Excluding the Tricolor property, which vacated post-quarter, ABR would have been $60.7 million, which serves as a solid baseline for modeling the fourth quarter. Total cash rental income totaled $15.4 million, compared to $15.7 million last quarter, which included $73,000 of variable rent. Our non-reimbursed property costs or slippage was $405,000, slightly better than expectations of $500,000, helped by the dispositions in the quarter. On the expense side, cash G&A was $2.1 million and $6.3 million year-to-date, with no adjustment to our cash G&A guidance of approximately $8.9 million at the mid-quarter. Quarterly cash interest expense declined by $100,000 sequentially to $4.2 million, driven by a $21.2 million reduction in net debt to $288.9 million. In September and October, we also completed two amendments to our credit agreements for both the revolver and the terminal.
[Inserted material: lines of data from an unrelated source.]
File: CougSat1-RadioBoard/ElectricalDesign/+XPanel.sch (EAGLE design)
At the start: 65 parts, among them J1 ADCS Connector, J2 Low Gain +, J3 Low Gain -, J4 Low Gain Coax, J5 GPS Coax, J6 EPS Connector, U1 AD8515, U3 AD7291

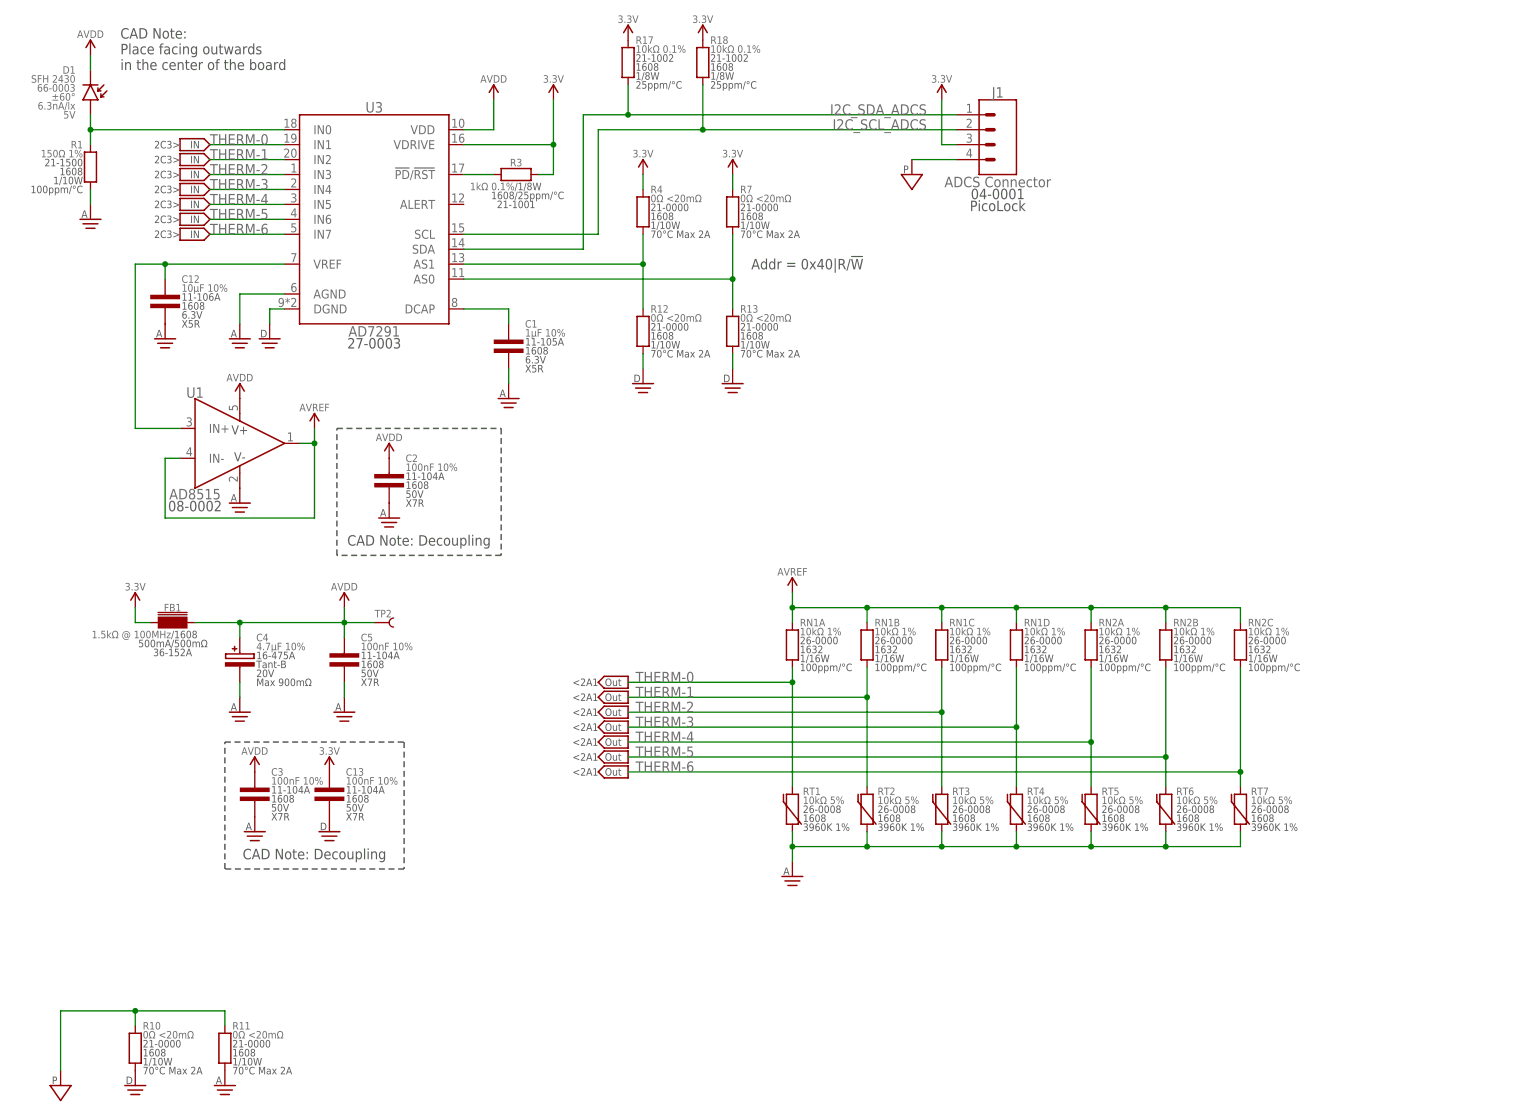
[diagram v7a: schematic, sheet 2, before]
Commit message: Moved Capacitors
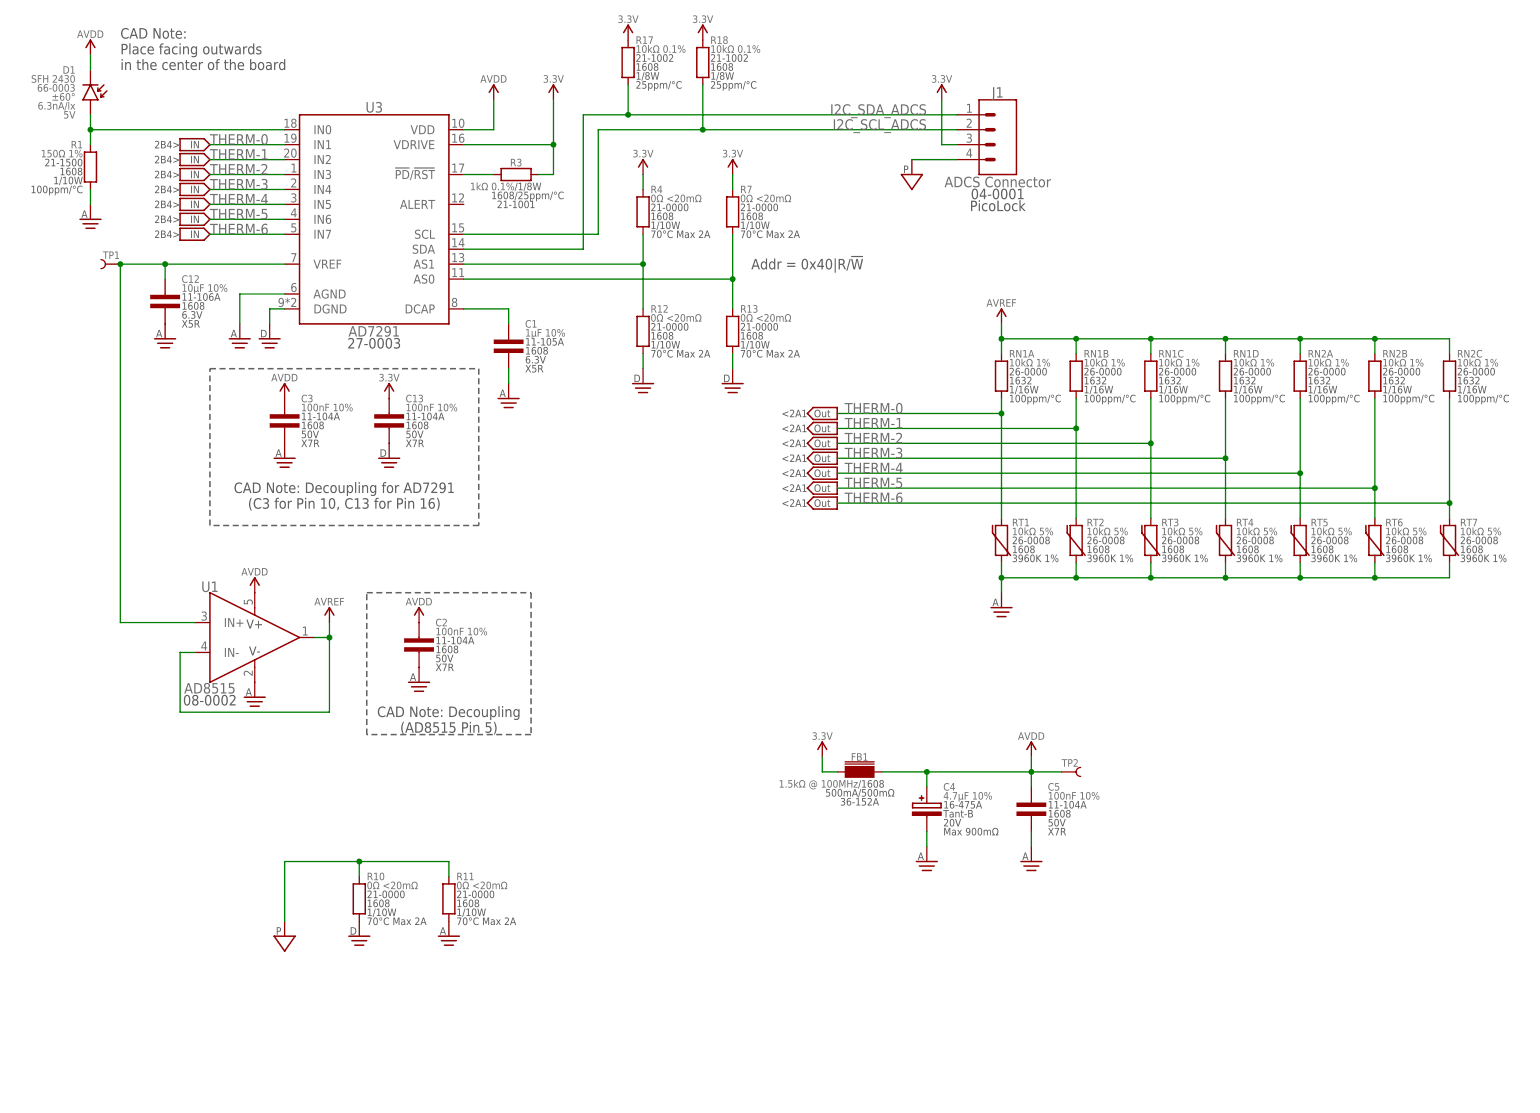
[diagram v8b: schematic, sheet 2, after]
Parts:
- added TP1: TEST_POINT-SMD-C-1.25, CougsInSpace-Connectors:TEST_POINT-SMD-C-1.25
- TP2: value TEST_POINT-THT-0.7 -> TEST_POINT-SMD-C-1.25; device CougsInSpace-Connectors:TEST_POINT-THT-0.7 -> CougsInSpace-Connectors:TEST_POINT-SMD-C-1.25
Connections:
- net AVREF_UNBUF: now also TP1.1
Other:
- note added: "2B4>"
- note added: "CAD Note: Decoupling (AD8515 Pin 5)"
- note added: "CAD Note: Decoupling for AD7291 (C3 for Pin 10, C13 for Pin 16)"
- note removed: "2C3>"
- note removed: "CAD Note: Decoupling"
- moved on the sheet: C13, C2, C3, C4, C5, FB1, R10, R11, RN1A, RN1B, RN1C, RN1D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
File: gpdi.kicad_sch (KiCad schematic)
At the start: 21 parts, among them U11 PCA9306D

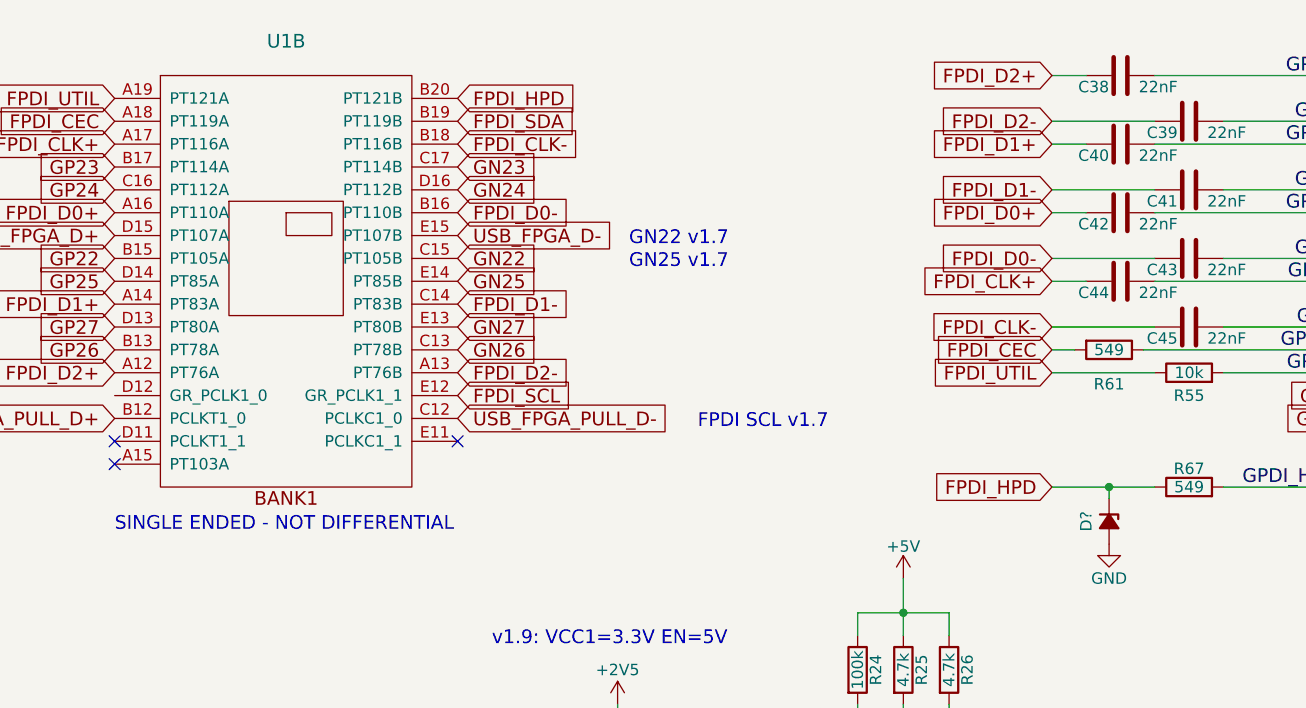
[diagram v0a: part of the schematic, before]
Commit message: Adding USB-C
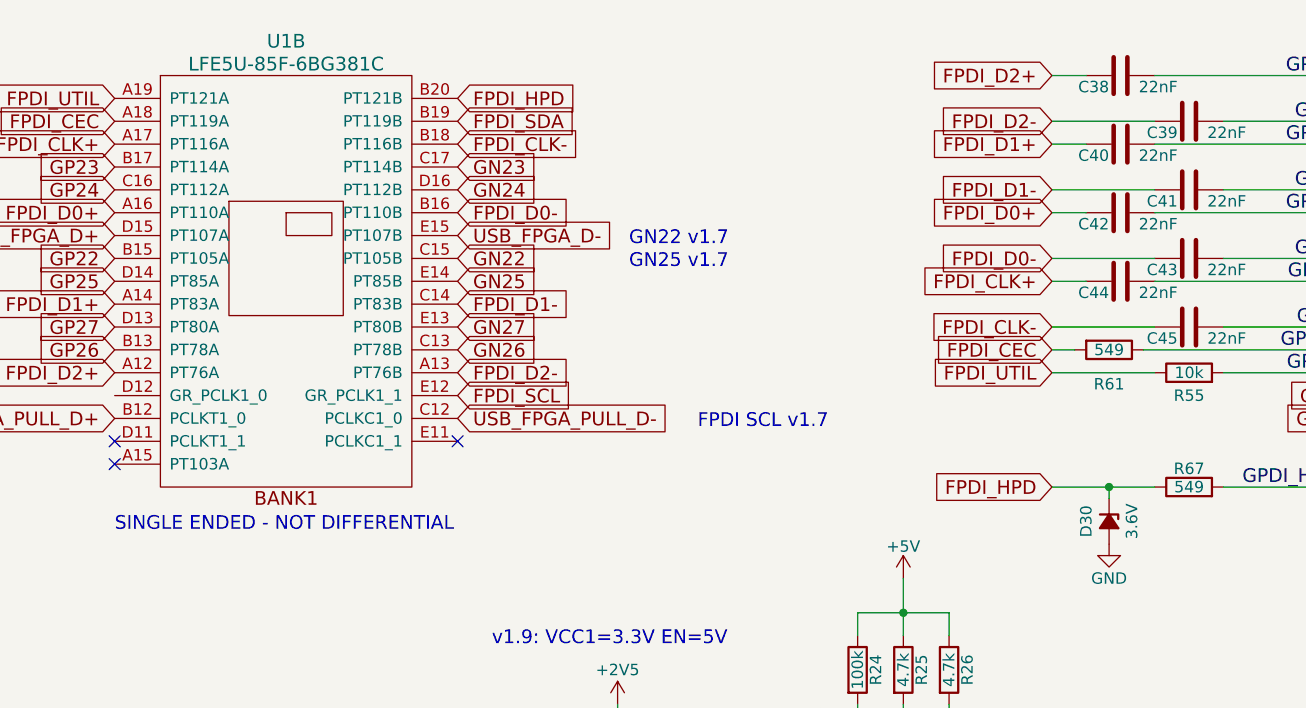
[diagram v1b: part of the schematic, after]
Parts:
- D30: renamed from D?; value (none) -> 3.6V; footprint (none) -> Diode_SMD:D_SOD-323_HandSoldering
- U1: value (none) -> LFE5U-85F-6BG381C; footprint (none) -> lfe5bg381:BGA-381_pitch0.8mm_dia0.4mm
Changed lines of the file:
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@@
   (title_block
     (title "ULX3S")
-    (rev "1.0.5")
+    (date "2023-01-19")
+    (rev "3.1.8")
     (company "EMARD")
     (comment 1 "General Purpose Differential Interface")
@@
       (effects (font (size 1.524 1.524)))
     )
-    (property "Value" "" (id 1) (at 91.44 52.07 0)
+    (property "Value" "LFE5U-85F-6BG381C" (id 1) (at 91.44 52.07 0)
       (effects (font (size 1.524 1.524)))
     )
-    (property "Footprint" "" (id 2) (at 64.77 49.53 0)
+    (property "Footprint" "lfe5bg381:BGA-381_pitch0.8mm_dia0.4mm" (id 2) (at 64.77 49.53 0)
       (effects (font (size 1.524 1.524)) hide)
     )
@@
   (symbol (lib_id "ulx3s-rescue:D_Zener_Small_ALT-Device") (at 182.88 102.87 270) (unit 1)
     (in_bom yes) (on_board yes)
-    (property "Reference" "D?" (id 0) (at 180.34 102.87 0))
-    (property "Value" "" (id 1) (at 185.42 102.87 0))
-    (property "Footprint" "" (id 2) (at 182.88 102.87 90)
-      (effects (font (size 1.27 1.27)) hide)
-    )
+    (property "Reference" "D30" (id 0) (at 180.34 102.87 0))
+    (property "Value" "3.6V" (id 1) (at 185.42 102.87 0))
+    (property "Footprint" "Diode_SMD:D_SOD-323_HandSoldering" (id 2) (at 182.88 102.87 90)
+      (effects (font (size 1.27 1.27)) hide)
+    )
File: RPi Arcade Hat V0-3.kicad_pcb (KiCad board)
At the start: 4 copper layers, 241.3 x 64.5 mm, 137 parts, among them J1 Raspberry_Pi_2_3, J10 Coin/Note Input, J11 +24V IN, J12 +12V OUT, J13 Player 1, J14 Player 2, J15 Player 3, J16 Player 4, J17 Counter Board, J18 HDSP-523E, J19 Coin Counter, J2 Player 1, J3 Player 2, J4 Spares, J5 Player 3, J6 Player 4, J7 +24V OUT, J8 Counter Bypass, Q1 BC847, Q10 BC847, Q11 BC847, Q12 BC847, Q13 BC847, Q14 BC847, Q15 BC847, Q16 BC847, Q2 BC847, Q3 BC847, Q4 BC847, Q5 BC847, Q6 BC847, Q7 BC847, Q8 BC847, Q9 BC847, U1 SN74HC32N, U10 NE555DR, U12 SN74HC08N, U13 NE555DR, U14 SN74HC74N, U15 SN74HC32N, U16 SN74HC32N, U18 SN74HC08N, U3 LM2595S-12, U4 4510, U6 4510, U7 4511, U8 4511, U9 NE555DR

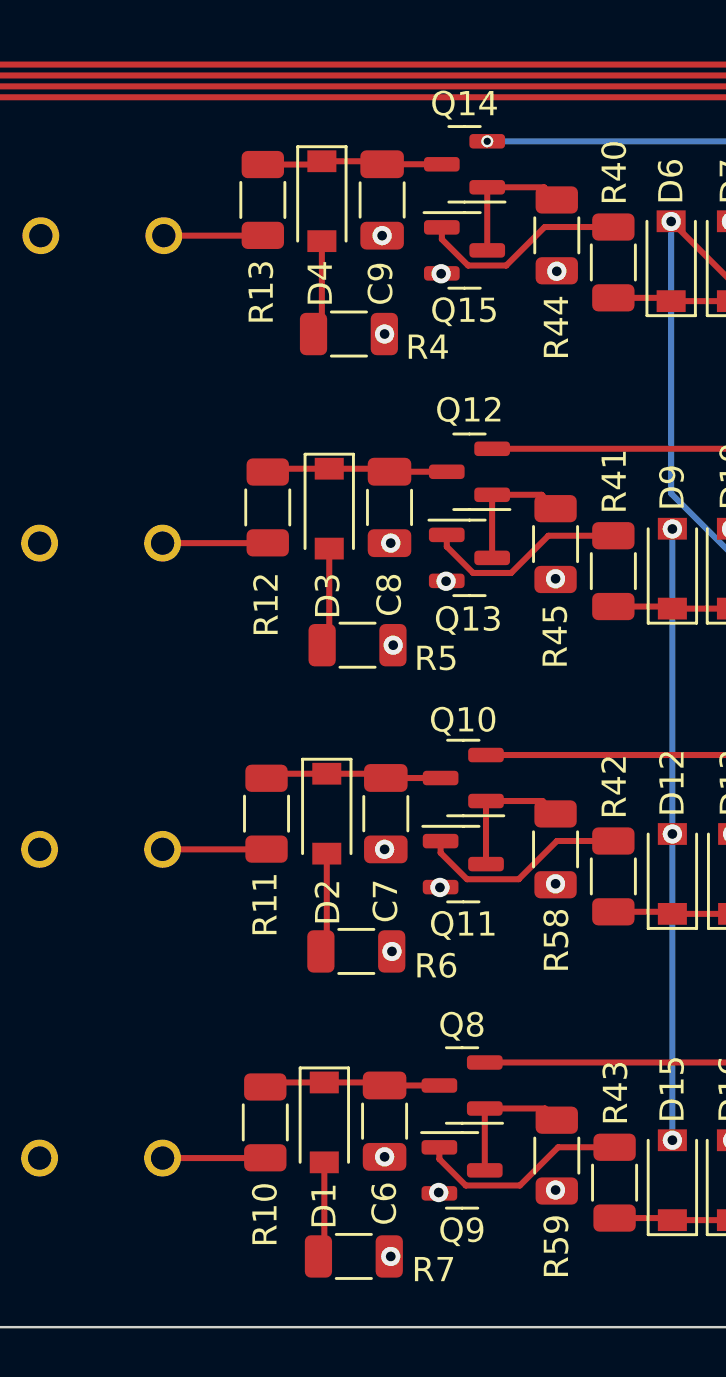
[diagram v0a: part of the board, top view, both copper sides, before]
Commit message: Found Error on Debounce Circuit
As I was going through the schematic I found I wired the button credit input incorrect, and had the logic level held high then pulling to GND, and I should've used an inverter on the output, went with a simple fix, and ended up removing the extra components and changing the connection on the button from GND to +5V
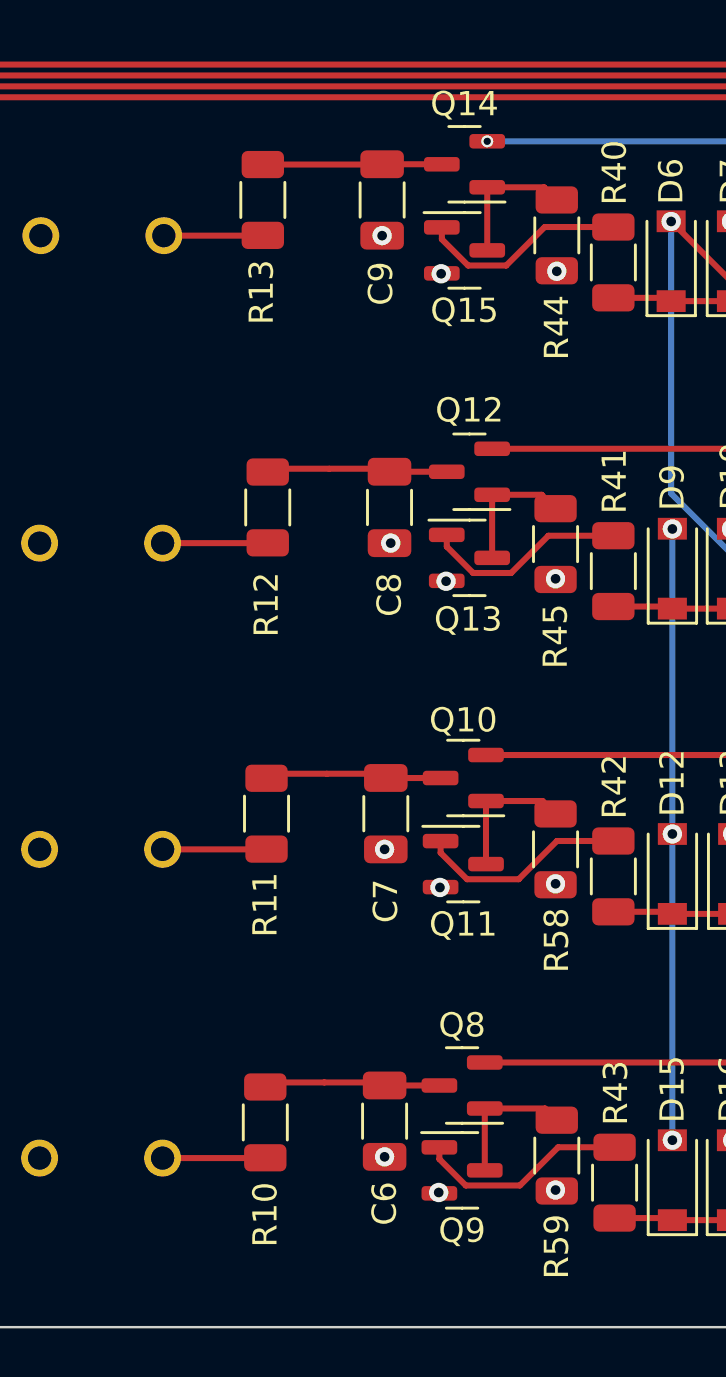
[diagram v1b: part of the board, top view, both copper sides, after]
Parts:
- removed D1, D2, D3, D4: 1N4448W, Diode_SMD:D_SOD-123
- removed R4, R5, R6, R7: 10k, Resistor_SMD:R_1206_3216Metric
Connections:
- J13 pad 1: GND -> +5V
- J14 pad 1: GND -> +5V
- J15 pad 1: GND -> +5V
- J16 pad 1: GND -> +5V
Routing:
- net Net-(D2-Pad2): track 4.14 -> 0.00 mm
- net Net-(D3-Pad2): track 4.11 -> 0.00 mm
- net Net-(D1-Pad2): track 3.99 -> 0.00 mm
- net Net-(D4-Pad2): track 3.98 -> 0.00 mm
- net +5V: vias 25 -> 21

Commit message: Current Changes To Repository
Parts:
- added D1: 1N4448W, Diode_SMD:D_SOD-123, F.Cu at (157.6, 123.6)
- added D2: 1N4448W, Diode_SMD:D_SOD-123, F.Cu at (157.7, 110.9)
- added D3: 1N4448W, Diode_SMD:D_SOD-123, F.Cu at (157.8, 98.3)
- added D4: 1N4448W, Diode_SMD:D_SOD-123, F.Cu at (157.5, 85.6)
- added R4: 10k, Resistor_SMD:R_1206_3216Metric, F.Cu at (158.6, 91.1)
- added R5: 10k, Resistor_SMD:R_1206_3216Metric, F.Cu at (159.0, 103.9)
- added R6: 10k, Resistor_SMD:R_1206_3216Metric, F.Cu at (158.9, 116.6)
- added R7: 10k, Resistor_SMD:R_1206_3216Metric, F.Cu at (158.8, 129.2)
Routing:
- net Net-(D2-Pad2): track 0.00 -> 4.14 mm
- net Net-(D3-Pad2): track 0.00 -> 4.11 mm
- net Net-(D1-Pad2): track 0.00 -> 3.99 mm
- net Net-(D4-Pad2): track 0.00 -> 3.98 mm
- net +5V: vias 21 -> 25

These amendments removed the 10 basis point SOFR adjustment and improved our pricing grid for LTVs below 35%, producing an expected 15 basis point savings across all our debt upon submission of our Q3 covenant package this week. Additionally, in early September, we hedged an incremental $100 million of one-month SOFR exposure through March of 2028, further reducing REIT volatility. Turning to the balance sheet, net debt to adjusted EBITDAre reduced by 0.2 times to 5.3 times. That's the lowest leverage since the IPO, LTV of 33% based on our bank covenants. Our fixed charge coverage ratio remained at 3.3 times, with 100% of our assets unencumbered. At the end of the quarter, with $161.1 million of liquidity, including $141.5 million of undrawn revolver capacity and $19.6 million of cash and equivalents. Including the recently closed delayed draw convertible preferred equity, our total liquidity increases to $236.1 million.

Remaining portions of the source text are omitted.